List of interface bit rates


This is a list of interface bit rates, is a measure of information transfer rates, or digital bandwidth capacity, at which digital interfaces in a computer or network can communicate over various kinds of buses and channels. The distinction can be arbitrary between a computer bus, often closer in space, and larger telecommunications networks. Many device interfaces or protocols are used both inside many-device boxes, such as a PC, and one-device-boxes, such as a hard drive enclosure. Accordingly, this page lists both the internal ribbon and external communications cable standards together in one sortable table.

Factors limiting actual performance, criteria for real decisions

Most of the listed rates are theoretical maximum throughput measures; in practice, the actual effective throughput is almost inevitably lower in proportion to the load from other devices, physical or temporal distances, and other overhead in data link layer protocols etc. The maximum goodput may be even lower due to higher layer protocol overhead and data packet retransmissions caused by line noise or interference such as crosstalk, or lost packets in congested intermediate network nodes. All protocols lose something, and the more robust ones that deal resiliently with very many failure situations tend to lose more maximum throughput to get higher total long term rates.
Device interfaces where one bus transfers data via another will be limited to the throughput of the slowest interface, at best. For instance, SATA revision 3.0 controllers on one PCI Express 2.0 channel will be limited to the 5 Gbit/s rate and have to employ more channels to get around this problem. Early implementations of new protocols very often have this kind of problem. The physical phenomena on which the device relies will also impose limits; for instance, no spinning platter shipping in 2009 saturates SATA revision 2.0, so moving from this 3 Gbit/s interface to USB 3.0 at 4.8 Gbit/s for one spinning drive will result in no increase in realized transfer rate.
Contention in a wireless or noisy spectrum, where the physical medium is entirely out of the control of those who specify the protocol, requires measures that also use up throughput. Wireless devices, BPL, and modems may produce a higher line rate or gross bit rate, due to error-correcting codes and other physical layer overhead. It is extremely common for throughput to be far less than half of theoretical maximum, though the more recent technologies employ preemptive spectrum analysis to avoid this and so have much more potential to reach actual gigabit rates in practice than prior modems.
Another factor reducing throughput is deliberate policy decisions made by Internet service providers that are made for contractual, risk management, aggregation saturation, or marketing reasons.
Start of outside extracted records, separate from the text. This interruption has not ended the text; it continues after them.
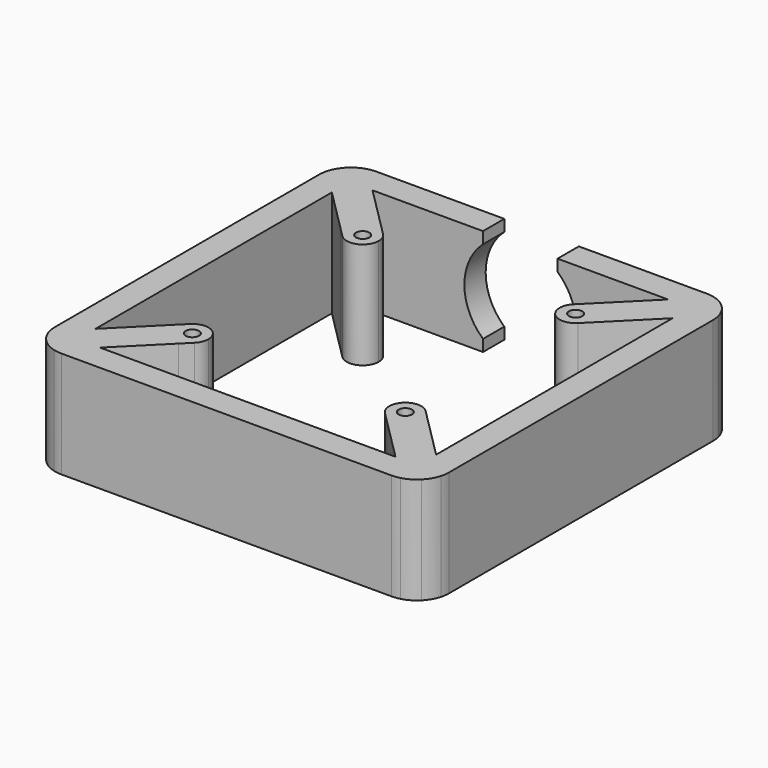
from build123d import *

# Parameters (mm, degrees)
F1_DEPTH = 20
F3_DEPTH = 25
F6_D     = 2.5


# Not quite as in the source:
# - a feature names something its author has since deleted; it is built from what else it names


with BuildPart() as f1:
    # F0 (on Top) → F1 (new body)
    with BuildSketch(Plane.XY):
        with BuildLine():
            Line((0, 68), (0, 6))
            ThreePointArc((0, 6), (0.0513308318, 5.2168428467), (0.2044450423, 4.4470857294))
            Line((0.2044450423, 4.4470857294), (5, 9.2426406871))
            Line((5, 9.2426406871), (5, 24.5))
            Line((5, 24.5), (5, 49))
            Line((5, 49), (5, 64.7573593129))
            Line((5, 64.7573593129), (0.2044450423, 69.5529142706))
            ThreePointArc((0.2044450423, 69.5529142706), (0.0513308318, 68.7831571533), (0, 68))
        make_face()
        with BuildLine():
            Line((5, 9.2426406871), (0.2044450423, 4.4470857294))
            ThreePointArc((0.2044450423, 4.4470857294), (0.8038475773, 3), (1.7573593129, 1.7573593129))
            Line((1.7573593129, 1.7573593129), (5.2928932188, 5.2928932188))
            ThreePointArc((5.2928932188, 5.2928932188), (5.0761204675, 5.6173165676), (5, 6))
            Line((5, 6), (5, 9.2426406871))
        make_face()
        with BuildLine():
            ThreePointArc((1.7573593129, 72.2426406871), (0.8038475773, 71), (0.2044450423, 69.5529142706))
            Line((0.2044450423, 69.5529142706), (5, 64.7573593129))
            Line((5, 64.7573593129), (5, 68))
            ThreePointArc((5, 68), (5.0761204675, 68.3826834324), (5.2928932188, 68.7071067812))
            Line((5.2928932188, 68.7071067812), (1.7573593129, 72.2426406871))
        make_face()
        with BuildLine():
            Line((5.2928932188, 5.2928932188), (1.7573593129, 1.7573593129))
            ThreePointArc((1.7573593129, 1.7573593129), (3, 0.8038475773), (4.4470857294, 0.2044450423))
            Line((4.4470857294, 0.2044450423), (9.2426406871, 5))
            Line((9.2426406871, 5), (6, 5))
            ThreePointArc((6, 5), (5.6173165676, 5.0761204675), (5.2928932188, 5.2928932188))
        make_face()
        with BuildLine():
            Line((14.8786796564, 19.1213203436), (5, 9.2426406871))
            Line((5, 9.2426406871), (5, 6))
            ThreePointArc((5, 6), (5.0761204675, 5.6173165676), (5.2928932188, 5.2928932188))
            Line((5.2928932188, 5.2928932188), (14.8786796564, 14.8786796564))
            ThreePointArc((14.8786796564, 14.8786796564), (14, 17), (14.8786796564, 19.1213203436))
        make_face()
        with BuildLine():
            ThreePointArc((4.4470857294, 73.7955549577), (3, 73.1961524227), (1.7573593129, 72.2426406871))
            Line((1.7573593129, 72.2426406871), (5.2928932188, 68.7071067812))
            ThreePointArc((5.2928932188, 68.7071067812), (5.6173165676, 68.9238795325), (6, 69))
            Line((6, 69), (9.2426406871, 69))
            Line((9.2426406871, 69), (4.4470857294, 73.7955549577))
        make_face()
        with BuildLine():
            Line((5, 68), (5, 64.7573593129))
            Line((5, 64.7573593129), (13.1819805153, 56.5753787975))
            Line((13.1819805153, 56.5753787975), (14.8786796564, 54.8786796564))
            ThreePointArc((14.8786796564, 54.8786796564), (14, 57), (14.8786796564, 59.1213203436))
            Line((14.8786796564, 59.1213203436), (5.2928932188, 68.7071067812))
            ThreePointArc((5.2928932188, 68.7071067812), (5.0761204675, 68.3826834324), (5, 68))
        make_face()
        with BuildLine():
            Line((9.2426406871, 5), (4.4470857294, 0.2044450423))
            ThreePointArc((4.4470857294, 0.2044450423), (5.2168428467, 0.0513308318), (6, 0))
            Line((6, 0), (37, 0))
            Line((37, 0), (68, 0))
            ThreePointArc((68, 0), (68.7831571533, 0.0513308318), (69.5529142706, 0.2044450423))
            Line((69.5529142706, 0.2044450423), (64.7573593129, 5))
            Line((64.7573593129, 5), (37, 5))
            Line((37, 5), (30, 5))
            Line((30, 5), (9.2426406871, 5))
        make_face()
        with BuildLine():
            Line((14.8786796564, 14.8786796564), (5.2928932188, 5.2928932188))
            ThreePointArc((5.2928932188, 5.2928932188), (5.6173165676, 5.0761204675), (6, 5))
            Line((6, 5), (9.2426406871, 5))
            Line((9.2426406871, 5), (17.4246212025, 13.1819805153))
            Line((17.4246212025, 13.1819805153), (19.1213203436, 14.8786796564))
            ThreePointArc((19.1213203436, 14.8786796564), (17, 14), (14.8786796564, 14.8786796564))
        make_face()
        with BuildLine():
            ThreePointArc((20, 17), (18.1480502971, 19.7716385975), (14.8786796564, 19.1213203436))
            ThreePointArc((14.8786796564, 19.1213203436), (14, 17), (14.8786796564, 14.8786796564))
            ThreePointArc((14.8786796564, 14.8786796564), (17, 14), (19.1213203436, 14.8786796564))
            ThreePointArc((19.1213203436, 14.8786796564), (19.7716385975, 15.8519497029), (20, 17))
        make_face()
        with BuildLine():
            ThreePointArc((6, 74), (5.2168428467, 73.9486691682), (4.4470857294, 73.7955549577))
            Line((4.4470857294, 73.7955549577), (9.2426406871, 69))
            Line((9.2426406871, 69), (30, 69))
            Line((30, 69), (30, 74))
            Line((30, 74), (6, 74))
        make_face()
        with BuildLine():
            ThreePointArc((6, 69), (5.6173165676, 68.9238795325), (5.2928932188, 68.7071067812))
            Line((5.2928932188, 68.7071067812), (14.8786796564, 59.1213203436))
            ThreePointArc((14.8786796564, 59.1213203436), (17, 60), (19.1213203436, 59.1213203436))
            Line((19.1213203436, 59.1213203436), (17.4246212025, 60.8180194847))
            Line((17.4246212025, 60.8180194847), (9.2426406871, 69))
            Line((9.2426406871, 69), (6, 69))
        make_face()
        with BuildLine():
            ThreePointArc((19.1213203436, 59.1213203436), (17, 60), (14.8786796564, 59.1213203436))
            ThreePointArc((14.8786796564, 59.1213203436), (14, 57), (14.8786796564, 54.8786796564))
            ThreePointArc((14.8786796564, 54.8786796564), (18.1480502971, 54.2283614025), (20, 57))
            ThreePointArc((20, 57), (19.7716385975, 58.1480502971), (19.1213203436, 59.1213203436))
        make_face()
        with BuildLine():
            Line((64.7573593129, 5), (69.5529142706, 0.2044450423))
            ThreePointArc((69.5529142706, 0.2044450423), (71, 0.8038475773), (72.2426406871, 1.7573593129))
            Line((72.2426406871, 1.7573593129), (68.7071067812, 5.2928932188))
            ThreePointArc((68.7071067812, 5.2928932188), (68.3826834324, 5.0761204675), (68, 5))
            Line((68, 5), (64.7573593129, 5))
        make_face()
        with BuildLine():
            Line((56.5753787975, 13.1819805153), (64.7573593129, 5))
            Line((64.7573593129, 5), (68, 5))
            ThreePointArc((68, 5), (68.3826834324, 5.0761204675), (68.7071067812, 5.2928932188))
            Line((68.7071067812, 5.2928932188), (59.1213203436, 14.8786796564))
            ThreePointArc((59.1213203436, 14.8786796564), (57, 14), (54.8786796564, 14.8786796564))
            Line((54.8786796564, 14.8786796564), (56.5753787975, 13.1819805153))
        make_face()
        with BuildLine():
            Line((68.7071067812, 5.2928932188), (72.2426406871, 1.7573593129))
            ThreePointArc((72.2426406871, 1.7573593129), (73.1961524227, 3), (73.7955549577, 4.4470857294))
            Line((73.7955549577, 4.4470857294), (69, 9.2426406871))
            Line((69, 9.2426406871), (69, 6))
            ThreePointArc((69, 6), (68.9238795325, 5.6173165676), (68.7071067812, 5.2928932188))
        make_face()
        with BuildLine():
            Line((69, 9.2426406871), (73.7955549577, 4.4470857294))
            ThreePointArc((73.7955549577, 4.4470857294), (73.9486691682, 5.2168428467), (74, 6))
            Line((74, 6), (74, 68))
            ThreePointArc((74, 68), (73.9486691682, 68.7831571533), (73.7955549577, 69.5529142706))
            Line((73.7955549577, 69.5529142706), (69, 64.7573593129))
            Line((69, 64.7573593129), (69, 49))
            Line((69, 49), (69, 24.5))
            Line((69, 24.5), (69, 9.2426406871))
        make_face()
        with BuildLine():
            Line((59.1213203436, 14.8786796564), (68.7071067812, 5.2928932188))
            ThreePointArc((68.7071067812, 5.2928932188), (68.9238795325, 5.6173165676), (69, 6))
            Line((69, 6), (69, 9.2426406871))
            Line((69, 9.2426406871), (59.1213203436, 19.1213203436))
            ThreePointArc((59.1213203436, 19.1213203436), (59.7716385975, 18.1480502971), (60, 17))
            ThreePointArc((60, 17), (59.7716385975, 15.8519497029), (59.1213203436, 14.8786796564))
        make_face()
        with BuildLine():
            ThreePointArc((59.1213203436, 19.1213203436), (54.8786796564, 19.1213203436), (54.8786796564, 14.8786796564))
            ThreePointArc((54.8786796564, 14.8786796564), (57, 14), (59.1213203436, 14.8786796564))
            ThreePointArc((59.1213203436, 14.8786796564), (59.7716385975, 15.8519497029), (60, 17))
            ThreePointArc((60, 17), (59.7716385975, 18.1480502971), (59.1213203436, 19.1213203436))
        make_face()
        with BuildLine():
            Line((69, 64.7573593129), (73.7955549577, 69.5529142706))
            ThreePointArc((73.7955549577, 69.5529142706), (73.1961524227, 71), (72.2426406871, 72.2426406871))
            Line((72.2426406871, 72.2426406871), (68.7071067812, 68.7071067812))
            ThreePointArc((68.7071067812, 68.7071067812), (68.9238795325, 68.3826834324), (69, 68))
            Line((69, 68), (69, 64.7573593129))
        make_face()
        with BuildLine():
            Line((68.7071067812, 68.7071067812), (72.2426406871, 72.2426406871))
            ThreePointArc((72.2426406871, 72.2426406871), (71, 73.1961524227), (69.5529142706, 73.7955549577))
            Line((69.5529142706, 73.7955549577), (64.7573593129, 69))
            Line((64.7573593129, 69), (68, 69))
            ThreePointArc((68, 69), (68.3826834324, 68.9238795325), (68.7071067812, 68.7071067812))
        make_face()
        with BuildLine():
            Line((59.1213203436, 54.8786796564), (69, 64.7573593129))
            Line((69, 64.7573593129), (69, 68))
            ThreePointArc((69, 68), (68.9238795325, 68.3826834324), (68.7071067812, 68.7071067812))
            Line((68.7071067812, 68.7071067812), (59.1213203436, 59.1213203436))
            ThreePointArc((59.1213203436, 59.1213203436), (59.7716385975, 58.1480502971), (60, 57))
            ThreePointArc((60, 57), (59.7716385975, 55.8519497029), (59.1213203436, 54.8786796564))
        make_face()
        with BuildLine():
            Line((64.7573593129, 69), (69.5529142706, 73.7955549577))
            ThreePointArc((69.5529142706, 73.7955549577), (68.7831571533, 73.9486691682), (68, 74))
            Line((68, 74), (44, 74))
            Line((44, 74), (44, 69))
            Line((44, 69), (64.7573593129, 69))
        make_face()
        with BuildLine():
            Line((59.1213203436, 59.1213203436), (68.7071067812, 68.7071067812))
            ThreePointArc((68.7071067812, 68.7071067812), (68.3826834324, 68.9238795325), (68, 69))
            Line((68, 69), (64.7573593129, 69))
            Line((64.7573593129, 69), (56.5753787975, 60.8180194847))
            Line((56.5753787975, 60.8180194847), (54.8786796564, 59.1213203436))
            ThreePointArc((54.8786796564, 59.1213203436), (57, 60), (59.1213203436, 59.1213203436))
        make_face()
        with BuildLine():
            ThreePointArc((54.8786796564, 59.1213203436), (54.8786796564, 54.8786796564), (59.1213203436, 54.8786796564))
            ThreePointArc((59.1213203436, 54.8786796564), (59.7716385975, 55.8519497029), (60, 57))
            ThreePointArc((60, 57), (59.7716385975, 58.1480502971), (59.1213203436, 59.1213203436))
            ThreePointArc((59.1213203436, 59.1213203436), (57, 60), (54.8786796564, 59.1213203436))
        make_face()
    extrude(amount=F1_DEPTH)


with BuildPart() as f3:
    # F2 (on face) → F3 (new body)
    with BuildSketch(Plane(origin=(0, 74, 0), x_dir=(-1, 0, 0), z_dir=(0, 1, 0))):
        with BuildLine():
            ThreePointArc((-26.5, 10), (-37, 20.5), (-47.5, 10))
            Line((-47.5, 10), (-26.5, 10))
        make_face()
        with BuildLine():
            Line((-26.5, 10), (-47.5, 10))
            ThreePointArc((-47.5, 10), (-37, -0.5), (-26.5, 10))
        make_face()
    extrude(amount=-F3_DEPTH)


with BuildPart() as f1_1:
    add(f1.part)

    # F4: cut F3
    add(f3.part, mode=Mode.SUBTRACT)

    # F6 (through all)
    with Locations(Plane.XY.offset(20)):
        with Locations((17, 57), (57, 57), (57, 17), (17, 17)):
            Hole(F6_D / 2)


solid = f1_1.part

Examples are rate limiting, bandwidth throttling, and the assignment of IP addresses to groups. These practices tend to minimize the throughput available to every user, but maximize the number of users that can be supported on one backbone.
Furthermore, chips are often not available in order to implement the fastest rates. AMD, for instance, does not support the 32-bit HyperTransport interface on any CPU it has shipped as of the end of 2009. Additionally, WiMAX service providers in the US typically support only up to 4 Mbit/s as of the end of 2009.
Choosing service providers or interfaces based on theoretical maxima is unwise, especially for commercial needs. A good example is large scale data centers, which should be more concerned with price per port to support the interface, wattage and heat considerations, and total cost of the solution. Because some protocols such as SCSI and Ethernet now operate many orders of magnitude faster than when originally deployed, scalability of the interface is one major factor, as it prevents costly shifts to technologies that are not backward compatible. Underscoring this is the fact that these shifts often happen involuntarily or by surprise, especially when a vendor abandons support for a proprietary system.

Conventions

By convention, bus and network data rates are denoted either in bits per second or bytes per second. In general, parallel interfaces are quoted in B/s and serial in bit/s. The more commonly used is shown below in bold type.
On devices like modems, bytes may be more than 8 bits long because they may be individually padded out with additional start and stop bits; the figures below will reflect this. Where channels use line codes, quoted rates are for the decoded signal.
The figures below are simplex data rates, which may conflict with the duplex rates vendors sometimes use in promotional materials. Where two values are listed, the first value is the downstream rate and the second value is the upstream rate.
All quoted figures are in metric decimal units. Note that these aren't the traditional binary prefixes for memory size. These decimal prefixes have long been established in data communications. This occurred before 1998 when IEC and other organizations introduced new binary prefixes and attempted to standardize their use across all computing applications.

Bandwidths

The figures below are grouped by network or bus type, then sorted within each group from lowest to highest bandwidth; gray shading indicates a lack of known implementations.
As stated above, all quoted bandwidths are for each direction. Therefore for duplex interfaces, the stated values are simplex speeds, rather than total upstream+downstream.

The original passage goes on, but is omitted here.